Intel's Broadwell Xeon E5-2600 v4 chips: So what's in it for you, smartie-pants coders
New instructions, transactions, virtualization features and more
Caching the addict
Intel has a set of features it snappily calls Resource Director Technology. This basically lets operating systems monitor cache usage by software. Threads, processes or whole virtual machines can be each assigned a Resource Monitoring ID (RMID) by the OS. When a thread is scheduled to run, the kernel takes its RMID, and writes it to a special per-core CPU register (IA32_PQR_ASSOC aka PQR). During that thread’s execution, any memory it accesses is logged using the RMID in PQR.
Later on, the kernel can retrieve from the CPU telemetry for a given RMID, thus allowing it to read off, for example, L3 cache occupancy. Broadwell server chips support twice the number of RMIDs as Haswell cores, and can monitor memory bandwidth use, too.
Another part of this is Classes of Service (CLOS). A kernel can program the processor with a set of quality-of-service (QoS) classes, each one defining a level of cache occupancy. On each context switch, the kernel assigns the next-to-run thread, process or virtual machine a class ID again using the PQR register. When the thread accesses memory, the processor takes its class ID and looks up the corresponding cache capacity limit for that class. It then applies this limit to stop a thread or process from thrashing, say, the L3 cache with a copy loop and flushing out other data.
The home stretch: Virtualization updates
The Xeon E5 v4 features posted interrupts, which Intel has been making noises about for a while now. These allow a hypervisor to route hardware interrupts directly into a virtual machine. Normally, when an interrupt triggers, the running guest virtual machine is forced to stop and the hypervisor takes over to handle the hardware request – this VM exit is a time-consuming operation taking hundreds of CPU cycles to complete. The hypervisor then has to take care of the interrupt itself or schedule a virtual machine to process it.
Posted interrupts allow the hypervisor to program the CPU to make interrupts fire straight into the guest directly and be handled within the VM without having to exit to the hypervisor. Posted interrupts can also be staged so that the currently running VM continues to finish its high-priority work, and the guest assigned to servicing the latest interrupt is scheduled next. This means the hypervisor can avoid switching between VMs every time an interrupt fires, which improves latency.
The benefit of this should be obvious: it means virtual machines can react way faster to hardware events, boosting performance for latency sensitive jobs. Intel sees posted interrupts as an essential ingredient in Network Functions Virtualized (NFV) systems, which move computer networking workloads out of hardware and into software. A virtual machine handling packet switching duties must be able to react immediately to incoming interrupts, and cannot wait for a hypervisor to stop it, process the interrupt, and reschedule it. With posted interrupts, it will receive alerts from the hardware without a VM exit.
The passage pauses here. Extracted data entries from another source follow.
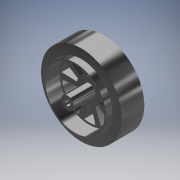
# Autodesk Inventor part: Wheel for rc car
Saved by Autodesk Inventor 2019 (Build 230136000, 136)
## iProperties
Created: 2020-03-11
Part Number: Wheel for rc car
Material: Generic
Document SubType Name: Modeling
Designer: 108863
Density: 1 g/cm^3
Appearance: Knurled 45
Author: 108863
Autodesk Inventor part; units mm, degrees
ref_plane "YZ Plane" through (0, 0, 0) normal (1, 0, 0) x (0, 1, 0)
ref_plane "XZ Plane" through (0, 0, 0) normal (0, 1, 0) x (-1, 0, 0)
sketch "Sketch2" plane through (0, 0, 0) normal (0, 0, 1) x (1, 0, 0)
  circle A0 centre (0, 0) radius 10.9728
  dimension "d5" = 21.9456
  constraints: 1 centre point, 1 coincident
  measures "d5" diameter of A0
extrude "Extrusion2" add sketch "Sketch2" along normal blind 12.4714
sketch "Sketch3" plane through (0, 0, 12.4714) normal (0, 0, 1) x (1, 0, 0)
  circle A0 centre (0, 0) radius 0.9906
  dimension "d8" = 1.9812
  constraints: 1 centre point, 1 coincident
  measures "d8" diameter of A0
extrude "Extrusion3" cut sketch "Sketch3" against normal blind 6.2484
sketch "Sketch4" plane through (0, 0, 0) normal (0, 0, -1) x (-1, 0, 0)
  circle A0 centre (0, 0) radius 4.3117
  circle A1 centre (0, 0) radius 10.9728 projected
  line L0 (-1.7142, 3.9562) -> (-3.3109, 9.1407)
  line L1 (-0.564, 4.2746) -> (-2.0134, 9.5111)
  line L2 (-0.564, 4.2746) -> (-1.7142, 3.9562)
  line L3 (0, -15.3619) -> (0, 15.3619) projected
  circle A2 centre (0, 0) radius 9.7218
  line L4 (-3.7122, 2.1931) -> (-8.0513, 5.4489)
  line L5 (-2.9688, 3.1267) -> (-7.2193, 6.5112)
  line L6 (-2.9688, 3.1267) -> (-3.7122, 2.1931)
  line L7 (-4.2923, -0.4077) -> (-9.7164, -0.3242)
  line L8 (-4.2397, 0.7845) -> (-9.6677, 1.0243)
  line L9 (-4.2397, 0.7845) -> (-4.2923, -0.4077)
  line L10 (-3.2329, -2.8528) -> (-7.6702, -5.9735)
  line L11 (-3.8911, -1.8573) -> (-8.4234, -4.8539)
  line L12 (-3.8911, -1.8573) -> (-3.2329, -2.8528)
  line L13 (-0.9386, -4.2082) -> (-2.6942, -9.3411)
  line L14 (-2.0563, -3.7897) -> (-3.9616, -8.8781)
  line L15 (-2.0563, -3.7897) -> (-0.9386, -4.2082)
  line L16 (1.7142, -3.9562) -> (3.3109, -9.1407)
  line L17 (0.564, -4.2746) -> (2.0134, -9.5111)
  line L18 (0.564, -4.2746) -> (1.7142, -3.9562)
  line L19 (3.7122, -2.1931) -> (8.0513, -5.4489)
  line L20 (2.9688, -3.1267) -> (7.2193, -6.5112)
  line L21 (2.9688, -3.1267) -> (3.7122, -2.1931)
  line L22 (4.2923, 0.4077) -> (9.7164, 0.3242)
  line L23 (4.2397, -0.7845) -> (9.6677, -1.0243)
  line L24 (4.2397, -0.7845) -> (4.2923, 0.4077)
  line L25 (3.2329, 2.8528) -> (7.6702, 5.9735)
  line L26 (3.8911, 1.8573) -> (8.4234, 4.8539)
  line L27 (3.8911, 1.8573) -> (3.2329, 2.8528)
  line L28 (0.9386, 4.2082) -> (2.6942, 9.3411)
  line L29 (2.0563, 3.7897) -> (3.9616, 8.8781)
  line L30 (2.0563, 3.7897) -> (0.9386, 4.2082)
  line L31 (-2.8801, 3.2086) -> (-7.0341, 6.7108)
  line L32 (-3.739, 8.9741) -> (-1.8992, 3.8708)
  line L33 (-2.8801, 3.2086) -> (-1.8992, 3.8708)
  dimension "d11" = 8.6233
  dimension "d12" = 19.4437
  dimension "d15" = 360
  constraints: 66 end point, 8 point on circle, 2 centre point, 2 coincident, 2 equal length, 1 perpendicular, 71 other
  measures "d11" diameter of A0
  measures "d12" diameter of A2
extrude "Extrusion4" cut sketch "Sketch4" against normal through all contours A0 L31 A2 L32
pattern_circular "Circular Pattern1" count 10 over 360 about axis through (0, 0, 0) along (0, 0, 1) of "Extrusion4"
ref_plane "Work Plane1" through (0, 0, 6.2357) normal (0, 0, -1) x (-1, 0, 0)
sketch "Sketch5" plane through (0, 0, 6.2357) normal (0, 0, -1) x (-1, 0, 0)
  arc A0 (-8.2998, 5.0625) -> (-9.6353, 1.2946) centre (0, 0) ccw projected
  arc A1 (-3.8117, 2.0153) -> (-4.216, 0.903) centre (0, 0) ccw projected
  arc A2 (-9.6903, -0.7829) -> (-8.556, -4.6161) centre (0, 0) ccw projected
  arc A3 (-4.2683, -0.6101) -> (-3.9416, -1.7476) centre (0, 0) ccw projected
  arc A4 (-7.3795, -6.3291) -> (-4.2087, -8.7636) centre (0, 0) ccw projected
  arc A5 (-3.0945, -3.0024) -> (-2.1616, -3.7307) centre (0, 0) ccw projected
  arc A6 (-2.2499, -9.4579) -> (1.7462, -9.5637) centre (0, 0) ccw projected
  arc A7 (-0.7388, -4.2479) -> (0.4441, -4.2887) centre (0, 0) ccw projected
  arc A8 (3.739, -8.9741) -> (7.0341, -6.7108) centre (0, 0) ccw projected
  arc A9 (1.8992, -3.8708) -> (2.8801, -3.2086) centre (0, 0) ccw projected
  arc A10 (8.2998, -5.0625) -> (9.6353, -1.2946) centre (0, 0) ccw projected
  arc A11 (3.8117, -2.0153) -> (4.216, -0.903) centre (0, 0) ccw projected
  arc A12 (9.6903, 0.7829) -> (8.556, 4.6161) centre (0, 0) ccw projected
  arc A13 (4.2683, 0.6101) -> (3.9416, 1.7476) centre (0, 0) ccw projected
  arc A14 (7.3795, 6.3291) -> (4.2087, 8.7636) centre (0, 0) ccw projected
  arc A15 (3.0945, 3.0024) -> (2.1616, 3.7307) centre (0, 0) ccw projected
  arc A16 (2.2499, 9.4579) -> (-1.7462, 9.5637) centre (0, 0) ccw projected
  arc A17 (0.7388, 4.2479) -> (-0.4441, 4.2887) centre (0, 0) ccw projected
  arc A18 (-1.8992, 3.8708) -> (-2.8801, 3.2086) centre (0, 0) ccw projected
  arc A19 (-3.739, 8.9741) -> (-7.0341, 6.7108) centre (0, 0) ccw projected
  circle A20 centre (0, 0) radius 10.9728 projected
  circle A21 centre (0, 0) radius 14.2367
  line L0 (-4.216, 0.903) -> (-9.6353, 1.2946) projected
  line L1 (-8.2998, 5.0625) -> (-3.8117, 2.0153) projected
  line L2 (-3.9416, -1.7476) -> (-8.556, -4.6161) projected
  line L3 (-9.6903, -0.7829) -> (-4.2683, -0.6101) projected
  line L4 (-2.1616, -3.7307) -> (-4.2087, -8.7636) projected
  line L5 (-7.3795, -6.3291) -> (-3.0945, -3.0024) projected
  line L6 (0.4441, -4.2887) -> (1.7462, -9.5637) projected
  line L7 (-2.2499, -9.4579) -> (-0.7388, -4.2479) projected
  line L8 (2.8801, -3.2086) -> (7.0341, -6.7108) projected
  line L9 (3.739, -8.9741) -> (1.8992, -3.8708) projected
  line L10 (4.216, -0.903) -> (9.6353, -1.2946) projected
  line L11 (8.2998, -5.0625) -> (3.8117, -2.0153) projected
  line L12 (3.9416, 1.7476) -> (8.556, 4.6161) projected
  line L13 (9.6903, 0.7829) -> (4.2683, 0.6101) projected
  line L14 (2.1616, 3.7307) -> (4.2087, 8.7636) projected
  line L15 (7.3795, 6.3291) -> (3.0945, 3.0024) projected
  line L16 (-0.4441, 4.2887) -> (-1.7462, 9.5637) projected
  line L17 (2.2499, 9.4579) -> (0.7388, 4.2479) projected
  line L18 (-3.739, 8.9741) -> (-1.8992, 3.8708) projected
  line L19 (-2.8801, 3.2086) -> (-7.0341, 6.7108) projected
  dimension "d23" = 3.2639
  constraints: 1 centre point, 1 coincident
  measures "d23" radial gap between concentric circles of A21 A20
extrude "Extrusion5" add sketch "Sketch5" along normal mid plane 7.9629 contours A21
sketch "Sketch8" plane through (0, 0, 12.4714) normal (0, 0, 1) x (1, 0, 0)
  circle A0 centre (0, 0) radius 10.4372
  constraints: 1 centre point, 1 coincident
extrude "Extrusion8" cut sketch "Sketch8" against normal blind 4.9784
sketch "Sketch9" plane through (0, 0, 0) normal (0, 0, -1) x (-1, 0, 0)
  line L0 (-3.6662, 0) -> (-1.8331, 3.175)
  line L1 (-1.8331, 3.175) -> (1.8331, 3.175)
  line L2 (1.8331, 3.175) -> (3.6662, 0)
  line L3 (3.6662, 0) -> (1.8331, -3.175)
  line L4 (1.8331, -3.175) -> (-1.8331, -3.175)
  line L5 (-1.8331, -3.175) -> (-3.6662, 0)
  point P0 (0, 0)
  point P1 (0, 0)
  dimension "d34" = 6.35
  constraints: 12 end point, 1 coincident, 13 other
  measures "d34" distance between parallel lines of L4 L1
extrude "Extrusion9" add sketch "Sketch9" along normal blind 0.7747
sketch "Sketch10" plane through (0, 0, 7.493) normal (0, 0, 1) x (1, 0, 0)
  circle A0 centre (0, 0) radius 2.286
  circle A1 centre (0, 0) radius 0.9906 projected
  dimension "d38" = 1.2954
  constraints: 1 centre point, 1 coincident
  measures "d38" radial gap between concentric circles of A0 A1
extrude "Extrusion10" add sketch "Sketch10" along normal blind 8
scale "Scale1" factors (2, 2, 2) then translate (0, 0, -6.2357) bodies 1
scale "Scale2" factors (2, 2, 2) then translate (0, 0, -6.2357) bodies 1
body "Solid2"

Using posted interrupts to send ethernet card interrupts direct to a virtual machine running the netperf benchmark, Intel says it was able to shift 41 per cent more data a second compared to a non-posted-interrupt system when using 256-byte packets, and a 19 per cent boost when using 1KB packets.
Posted interrupts are described in detail in this Intel manual [PDF, section 5.2.5].
Another virtualization enhancement is Page-Modification Logging. Whenever software modifies a page of memory, the processor sets a “dirty” bit for the page’s entry in the system’s page table structures. This feature has many uses, one being knowing which pages to write to disk when swapping, and another being discovering which pages to send when migrating a running application from one machine to another.
If you’ve got a program running on server A, and you want to live migrate it to server B, and server B has the program’s read-only executable and initial state already in memory, you only want to send the changed pages to make the transfer as swift and as painless as possible.
Crawling through the page tables checking for all the dirty bits is a chore for the kernel or hypervisor, especially during a live migration. So Intel’s Page-Modification Logging (PML) maintains an in-memory log of altered pages that can be grokked faster than the paging structures.
Intel is keen to develop its live migration tech because, again, this is a crucial piece in NFV. One of the selling points of software-defined networks is the ability to move and scale out workloads to meet demand. If a migration takes too long, the telco customer may wonder why they bothered binning racks of dedicated switch hardware for generic servers that supposedly offer flexibility but simply can’t keep up.
Odds and sods
What else? The Xeon E5 v4s will have Hardware Controlled Power Management (HWPM), which involves the processor taking, well, power management out of the operating system’s hands and doing it itself. This is configurable, it can be turned off, and the OS can drop hints on how the CPU should be balancing power consumption and performance. Basically, HWPM lets the processor pick a better P-state by itself.
Finally, there's new Processor Trace features for in-depth debugging: it can write packets to memory describing branches taken and events encountered by software, can filter execution tracing by the pointer in the control register CR3 and whether or not it's in user or kernel mode, and other hardcore stuff for low-level developers.
Your humble hack is wary of vendor-supplied benchmarks, but will leave you with this graph from Intel to put the Xeon E5 v4 family in context – it compares the new E5-2699 v4 with the E5-2699 v3.
It shows about a x1.2 increase in performance from the v3 Haswell to the v4 Broadwell for various benchmarking tests, when using 22 versus 18 cores. A lot of the above-mentioned features were first seen either in last year's Broadwell parts, or in Haswell, which is the tock to Broadwell's tick. The E5-2600 v4 range essentially takes a mounting pile of micro-architecture improvements, and packages it for scale-out servers – machines to build clouds and software-defined networks.
That just about sums up the new E5-2600 family: it's another Xeon. You put it in a box, and you plug it in to the internet. It's inoffensive. It beats components from two or three years ago to catch the eye of IT bods looking for a hardware refresh, while teasing developers with goodies like posted interrupts, working TSX, and new crypto-friendly instructions. It doesn't really need to do any more than that. That's life when you own 99 per cent of the data center compute market. ®